# Fair Price for custom sub box?



## QualitySound (Oct 27, 2015)

I have a port, so just need a 1.46 cuf box with a length of 20.5" for the port, and room for the port away from the walls, for a 12" sub. Nothing fancy, just a box.

Is $300 too much for that? Isn't around $150 about right?


----------



## Justin Zazzi (May 28, 2012)

It is always amazing to me how much time and effort goes into a project that is seemingly simple like this one (always a ton more than I anticipate). I would not be surprised if $300 is a fair price for what you are asking for because I highly doubt $150 is going to cover the parts and labor involved for a shop to build one for you.


----------



## Onyx1136 (Mar 15, 2009)

I won't turn my tablesaw on for $150.


----------



## porscheman (Jan 1, 2012)

^^^^^^^^

i know the feeling. most of what people pay you for is the ability to build it. not the actual physical work


----------



## Matthew Borgardt (Aug 13, 2016)

300 is a good price... 

Matt Borgardt
Oncore/Cadence/Logic


----------



## Victor_inox (Apr 27, 2012)

Onyx1136 said:


> I won't turn my tablesaw on for $150.


I would, but that about it.
300-400 for finished box.


----------



## QualitySound (Oct 27, 2015)

Okay, thanks everyone. Glad to know I'm not getting screwed. 
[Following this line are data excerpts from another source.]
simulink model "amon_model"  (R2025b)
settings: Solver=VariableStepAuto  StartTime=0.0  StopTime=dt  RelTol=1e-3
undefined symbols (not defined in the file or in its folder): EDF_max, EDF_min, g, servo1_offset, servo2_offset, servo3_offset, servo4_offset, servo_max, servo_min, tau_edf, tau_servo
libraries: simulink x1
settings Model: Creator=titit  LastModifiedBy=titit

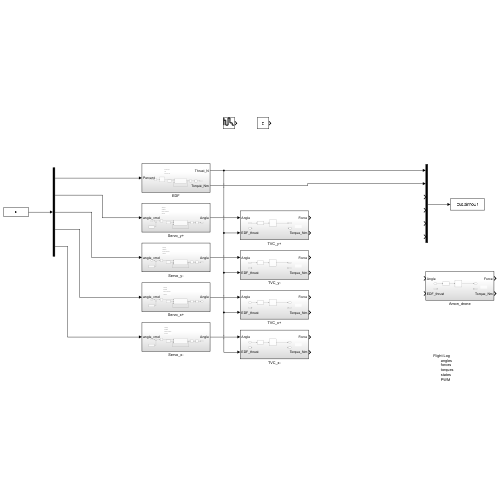
[thumbnail: Simulink's stored preview of the top-level diagram]
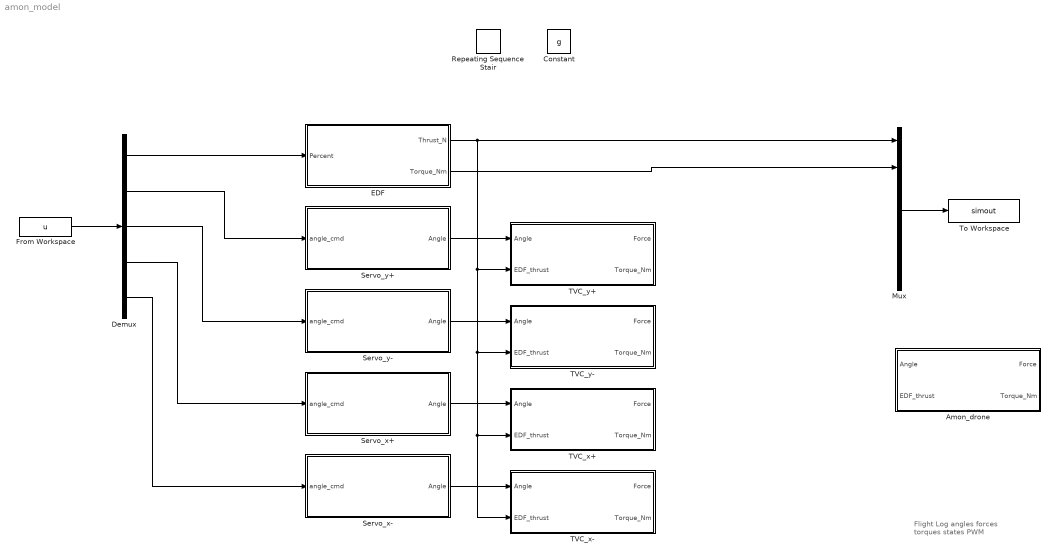
== system amon_model ==
  note: Flight Log
      | 	angles
      | 	forces
      | 	torques
      | 	states
      | 	PWM
  Amon_drone : Subsystem
  Constant : Constant  Value=g
  Demux : Demux  Outputs=5
  EDF : Subsystem
  From Workspace : FromWorkspace  VariableName=u
  Mux : Mux  Inputs=6
  Repeating Sequence Stair : simulink/Sources/Repeating Sequence Stair  OutValues=[3 1 4 2 1].'  tsamp=-1  OutMin=[]  OutMax=[]  OutDataTypeStr=double  OutputDataTypeScalingMode=double  OutDataType=fixdt(0,8)  ConRadixGroup=Best Precision: Vector-wise  OutScaling=2^-12
  Servo_x+ : Subsystem
  Servo_x- : Subsystem
  Servo_y+ : Subsystem
  Servo_y- : Subsystem
  TVC_x+ : Subsystem
  TVC_x- : Subsystem
  TVC_y+ : Subsystem
  TVC_y- : Subsystem
  To Workspace : ToWorkspace  VariableName=simout  SaveFormat=Timeseries  SampleTime=-1
  wires:
  From Workspace/1 -> Demux/1
  Mux/1 -> To Workspace/1
  EDF/1(Thrust_N) -> TVC_x-/2(EDF_thrust), TVC_x+/2(EDF_thrust), TVC_y-/2(EDF_thrust), TVC_y+/2(EDF_thrust), Mux/1
  EDF/2(Torque_Nm) -> Mux/2
  Servo_y+/1(Angle) -> TVC_y+/1(Angle)
  Servo_y-/1(Angle) -> TVC_y-/1(Angle)
  Servo_x+/1(Angle) -> TVC_x+/1(Angle)
  Servo_x-/1(Angle) -> TVC_x-/1(Angle)
  Demux/1 -> EDF/1(Percent)
  Demux/2 -> Servo_y+/1(angle_cmd)
  Demux/3 -> Servo_y-/1(angle_cmd)
  Demux/4 -> Servo_x+/1(angle_cmd)
  Demux/5 -> Servo_x-/1(angle_cmd)

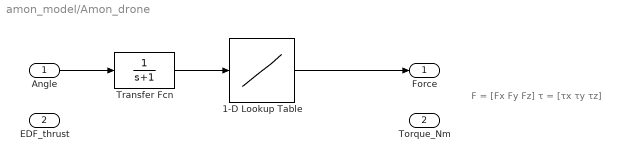
== system amon_model/Amon_drone ==
  note: F = [Fx Fy Fz]
      | τ = [τx τy τz]
  Angle : Inport
  EDF_thrust : Inport  Port=2
  1-D Lookup Table : Lookup_n-D  NumberOfTableDimensions=1  BreakpointsForDimension1=[-5:5]  Table=tanh([-5:5])  InternalRulePriority=Speed  RndMeth=Simplest
  Transfer Fcn : TransferFcn  Denominator=[1 1]
  Force : Outport
  Torque_Nm : Outport  Port=2
  wires:
  Transfer Fcn/1 -> 1-D Lookup Table/1
  Angle/1 -> Transfer Fcn/1
  1-D Lookup Table/1 -> Force/1

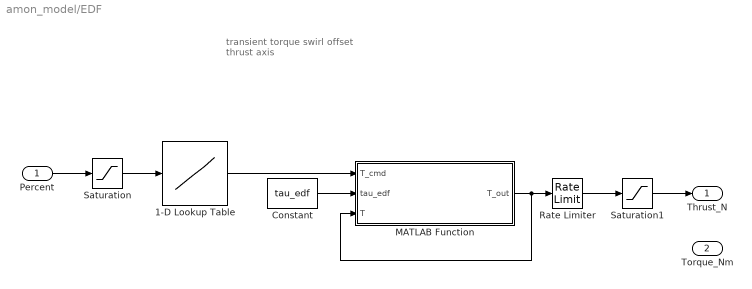
== system amon_model/EDF ==
  note: transient torque
      | swirl
      | offset thrust axis
  Percent : Inport
  1-D Lookup Table : Lookup_n-D  NumberOfTableDimensions=1  BreakpointsForDimension1=[-5:5]  Table=tanh([-5:5])  InternalRulePriority=Speed  RndMeth=Simplest
  Constant : Constant  Value=tau_edf
  MATLAB Function : MATLAB Function  TreatAsAtomicUnit=on
  Rate Limiter : RateLimiter  SampleTimeMode=inherited
  Saturation : Saturate  UpperLimit=EDF_max  LowerLimit=EDF_min
  Saturation1 : Saturate  UpperLimit=100  LowerLimit=0
  Thrust_N : Outport
  Torque_Nm : Outport  Port=2
  wires:
  Percent/1 -> Saturation/1
  Saturation1/1 -> Thrust_N/1
  1-D Lookup Table/1 -> MATLAB Function/1(T_cmd)
  MATLAB Function/1(T_out) -> MATLAB Function/3(T), Rate Limiter/1
  Saturation/1 -> 1-D Lookup Table/1
  Constant/1 -> MATLAB Function/2(tau_edf)
  Rate Limiter/1 -> Saturation1/1

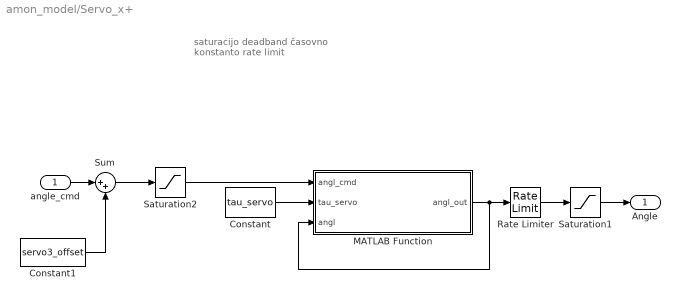
== system amon_model/Servo_x+ ==
  note: saturacijo
      | deadband
      | časovno konstanto
      | rate limit
  angle_cmd : Inport
  Constant : Constant  Value=tau_servo
  Constant1 : Constant  Value=servo3_offset
  MATLAB Function : MATLAB Function  TreatAsAtomicUnit=on
  Rate Limiter : RateLimiter  SampleTimeMode=inherited
  Saturation1 : Saturate  UpperLimit=servo_max  LowerLimit=servo_min
  Saturation2 : Saturate  UpperLimit=servo_max  LowerLimit=servo_min
  Sum : Sum  Inputs=|++
  Angle : Outport
  wires:
  Sum/1 -> Saturation2/1
  Constant/1 -> MATLAB Function/2(tau_servo)
  MATLAB Function/1(angl_out) -> Rate Limiter/1, MATLAB Function/3(angl)
  Saturation2/1 -> MATLAB Function/1(angl_cmd)
  Constant1/1 -> Sum/2
  angle_cmd/1 -> Sum/1
  Saturation1/1 -> Angle/1
  Rate Limiter/1 -> Saturation1/1

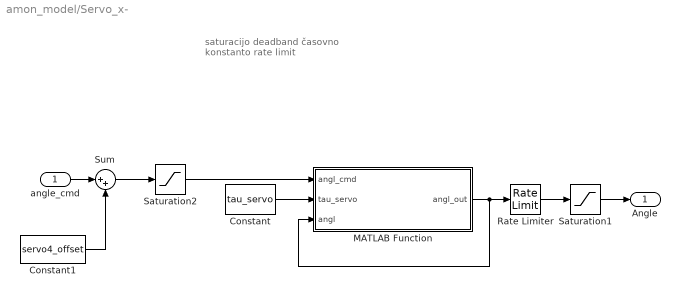
== system amon_model/Servo_x- ==
  note: saturacijo
      | deadband
      | časovno konstanto
      | rate limit
  angle_cmd : Inport
  Constant : Constant  Value=tau_servo
  Constant1 : Constant  Value=servo4_offset
  MATLAB Function : MATLAB Function  TreatAsAtomicUnit=on
  Rate Limiter : RateLimiter  SampleTimeMode=inherited
  Saturation1 : Saturate  UpperLimit=servo_max  LowerLimit=servo_min
  Saturation2 : Saturate  UpperLimit=servo_max  LowerLimit=servo_min
  Sum : Sum  Inputs=|++
  Angle : Outport
  wires:
  Constant/1 -> MATLAB Function/2(tau_servo)
  MATLAB Function/1(angl_out) -> Rate Limiter/1, MATLAB Function/3(angl)
  Saturation2/1 -> MATLAB Function/1(angl_cmd)
  Constant1/1 -> Sum/2
  angle_cmd/1 -> Sum/1
  Saturation1/1 -> Angle/1
  Rate Limiter/1 -> Saturation1/1
  Sum/1 -> Saturation2/1

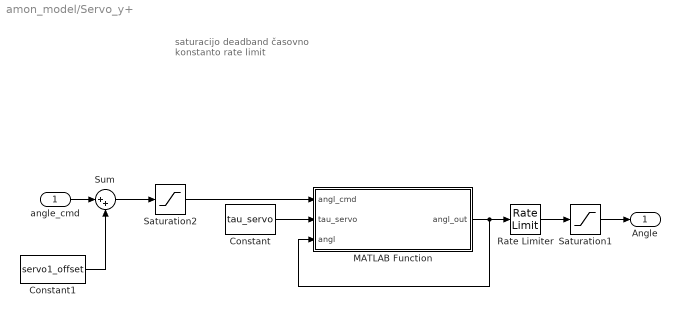
== system amon_model/Servo_y+ ==
  note: saturacijo
      | deadband
      | časovno konstanto
      | rate limit
  angle_cmd : Inport
  Constant : Constant  Value=tau_servo
  Constant1 : Constant  Value=servo1_offset
  MATLAB Function : MATLAB Function  TreatAsAtomicUnit=on
  Rate Limiter : RateLimiter  SampleTimeMode=inherited
  Saturation1 : Saturate  UpperLimit=servo_max  LowerLimit=servo_min
  Saturation2 : Saturate  UpperLimit=servo_max  LowerLimit=servo_min
  Sum : Sum  Inputs=|++
  Angle : Outport
  wires:
  Saturation2/1 -> MATLAB Function/1(angl_cmd)
  MATLAB Function/1(angl_out) -> MATLAB Function/3(angl), Rate Limiter/1
  Saturation1/1 -> Angle/1
  Constant/1 -> MATLAB Function/2(tau_servo)
  Rate Limiter/1 -> Saturation1/1
  angle_cmd/1 -> Sum/1
  Sum/1 -> Saturation2/1
  Constant1/1 -> Sum/2

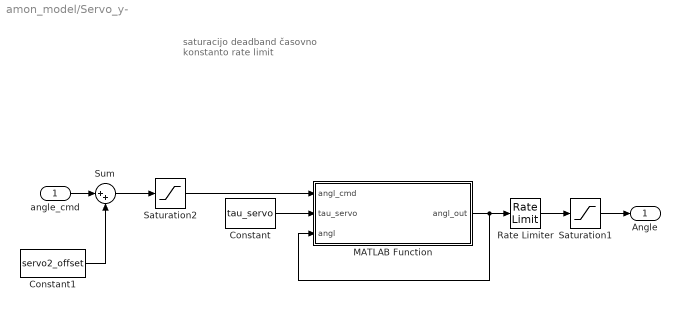
== system amon_model/Servo_y- ==
  note: saturacijo
      | deadband
      | časovno konstanto
      | rate limit
  angle_cmd : Inport
  Constant : Constant  Value=tau_servo
  Constant1 : Constant  Value=servo2_offset
  MATLAB Function : MATLAB Function  TreatAsAtomicUnit=on
  Rate Limiter : RateLimiter  SampleTimeMode=inherited
  Saturation1 : Saturate  UpperLimit=servo_max  LowerLimit=servo_min
  Saturation2 : Saturate  UpperLimit=servo_max  LowerLimit=servo_min
  Sum : Sum  Inputs=|++
  Angle : Outport
  wires:
  Sum/1 -> Saturation2/1
  Constant/1 -> MATLAB Function/2(tau_servo)
  MATLAB Function/1(angl_out) -> Rate Limiter/1, MATLAB Function/3(angl)
  Saturation2/1 -> MATLAB Function/1(angl_cmd)
  Constant1/1 -> Sum/2
  angle_cmd/1 -> Sum/1
  Saturation1/1 -> Angle/1
  Rate Limiter/1 -> Saturation1/1

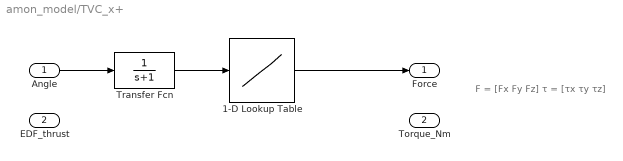
== system amon_model/TVC_x+ ==
  note: F = [Fx Fy Fz]
      | τ = [τx τy τz]
  Angle : Inport
  EDF_thrust : Inport  Port=2
  1-D Lookup Table : Lookup_n-D  NumberOfTableDimensions=1  BreakpointsForDimension1=[-5:5]  Table=tanh([-5:5])  InternalRulePriority=Speed  RndMeth=Simplest
  Transfer Fcn : TransferFcn  Denominator=[1 1]
  Force : Outport
  Torque_Nm : Outport  Port=2
  wires:
  Transfer Fcn/1 -> 1-D Lookup Table/1
  Angle/1 -> Transfer Fcn/1
  1-D Lookup Table/1 -> Force/1

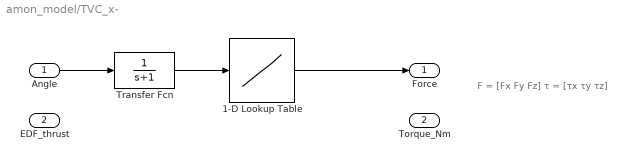
== system amon_model/TVC_x- ==
  note: F = [Fx Fy Fz]
      | τ = [τx τy τz]
  Angle : Inport
  EDF_thrust : Inport  Port=2
  1-D Lookup Table : Lookup_n-D  NumberOfTableDimensions=1  BreakpointsForDimension1=[-5:5]  Table=tanh([-5:5])  InternalRulePriority=Speed  RndMeth=Simplest
  Transfer Fcn : TransferFcn  Denominator=[1 1]
  Force : Outport
  Torque_Nm : Outport  Port=2
  wires:
  Transfer Fcn/1 -> 1-D Lookup Table/1
  Angle/1 -> Transfer Fcn/1
  1-D Lookup Table/1 -> Force/1

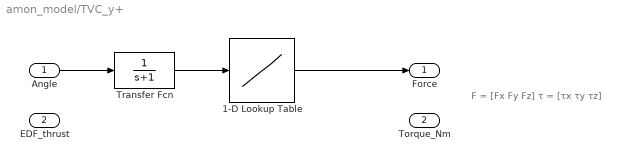
== system amon_model/TVC_y+ ==
  note: F = [Fx Fy Fz]
      | τ = [τx τy τz]
  Angle : Inport
  EDF_thrust : Inport  Port=2
  1-D Lookup Table : Lookup_n-D  NumberOfTableDimensions=1  BreakpointsForDimension1=[-5:5]  Table=tanh([-5:5])  InternalRulePriority=Speed  RndMeth=Simplest
  Transfer Fcn : TransferFcn  Denominator=[1 1]
  Force : Outport
  Torque_Nm : Outport  Port=2
  wires:
  Transfer Fcn/1 -> 1-D Lookup Table/1
  Angle/1 -> Transfer Fcn/1
  1-D Lookup Table/1 -> Force/1

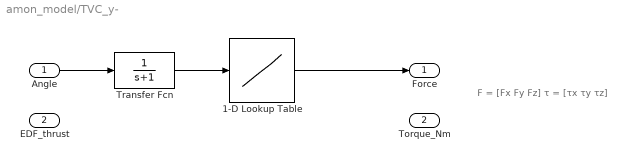
== system amon_model/TVC_y- ==
  note: F = [Fx Fy Fz]
      | τ = [τx τy τz]
  Angle : Inport
  EDF_thrust : Inport  Port=2
  1-D Lookup Table : Lookup_n-D  NumberOfTableDimensions=1  BreakpointsForDimension1=[-5:5]  Table=tanh([-5:5])  InternalRulePriority=Speed  RndMeth=Simplest
  Transfer Fcn : TransferFcn  Denominator=[1 1]
  Force : Outport
  Torque_Nm : Outport  Port=2
  wires:
  Transfer Fcn/1 -> 1-D Lookup Table/1
  Angle/1 -> Transfer Fcn/1
  1-D Lookup Table/1 -> Force/1

== matlab function amon_model/EDF/MATLAB Function ==
  data: T_cmd input; tau_edf input; T_out output; T input
function T_out = thrust_delay(T_cmd, tau_edf, T)
    T_out = (1/tau_edf) * (T_cmd - T);
end

== matlab function amon_model/Servo_y-/MATLAB Function ==
  data: angl_cmd input; tau_servo input; angl_out output; angl input
function angl_out = servo_delay(angl_cmd, tau_servo, angl)
    angl_out = (1/tau_servo) * (angl_cmd - angl);
end

== matlab function amon_model/Servo_x+/MATLAB Function ==
  data: angl_cmd input; tau_servo input; angl_out output; angl input
function angl_out = servo_delay(angl_cmd, tau_servo, angl)
    angl_out = (1/tau_servo) * (angl_cmd - angl);
end

== matlab function amon_model/Servo_x-/MATLAB Function ==
  data: angl_cmd input; tau_servo input; angl_out output; angl input
function angl_out = servo_delay(angl_cmd, tau_servo, angl)
    angl_out = (1/tau_servo) * (angl_cmd - angl);
end

== matlab function amon_model/Servo_y+/MATLAB Function ==
  data: angl_cmd input; tau_servo input; angl_out output; angl input
function angl_out = servo_delay(angl_cmd, tau_servo, angl)
    angl_out = (1/tau_servo) * (angl_cmd - angl);
end

I guess I was getting a great deal before. My local shop knew a guy who could do it for $150, but he's not available anymore. I had thought $150 was the going price, but I see now it was a great price.

Life is good.


----------



## adrianp89 (Oct 14, 2007)

$150 is dirt cheap for a quality box IMO.


----------



## Onyx1136 (Mar 15, 2009)

QualitySound said:


> Okay, thanks everyone. Glad to know I'm not getting screwed.
> 
> I guess I was getting a great deal before. My local shop knew a guy who could do it for $150, but he's not available anymore. I had thought $150 was the going price, but I see now it was a great price.
> 
> Life is good.


Yeah, you were getting a great deal. He's not available anymore cuz he realized he was losing his ass every time he made an enclosure. People can only lose money for so long before they change direction and do something else.


----------



## diy.phil (May 23, 2011)

I've seen some random pre-made boxes in some shops and these aren't expensive even with good/thick material and a nice carpet wraparound. In fact it's better than something from a newbie box maker because all these are precise cuts and made to prints/drawing. After making enough boxes a newbie becomes a pro... so, people all have to start somewhere to get to the next level and beyond. However these pre-made ones probably won't be the size or shape that some may want, and the only way is to pay big bucks for a custom, or practice enough times and can get there.


----------



## truckguy (Sep 2, 2013)

Matthew Borgardt said:


> 300 is a good price...
> 
> Matt Borgardt
> Oncore/Cadence/Logic


OnCore?? Any news on that front? Maybe that is for a different thread so this one doesn't get mucked up. I paid $150 for a simple custom downfire sealed enclosure a few years back. I'm sure if it was more complicated the price would be higher though.


----------



## beak81champ (Oct 2, 2015)

$300 is a great price.


----------



## CrossFired (Jan 24, 2008)

QualitySound said:


> I have a port, so just need a 1.46 cuf box with a length of 20.5" for the port, and room for the port away from the walls, for a 12" sub. Nothing fancy, just a box.
> 
> Is $300 too much for that? Isn't around $150 about right?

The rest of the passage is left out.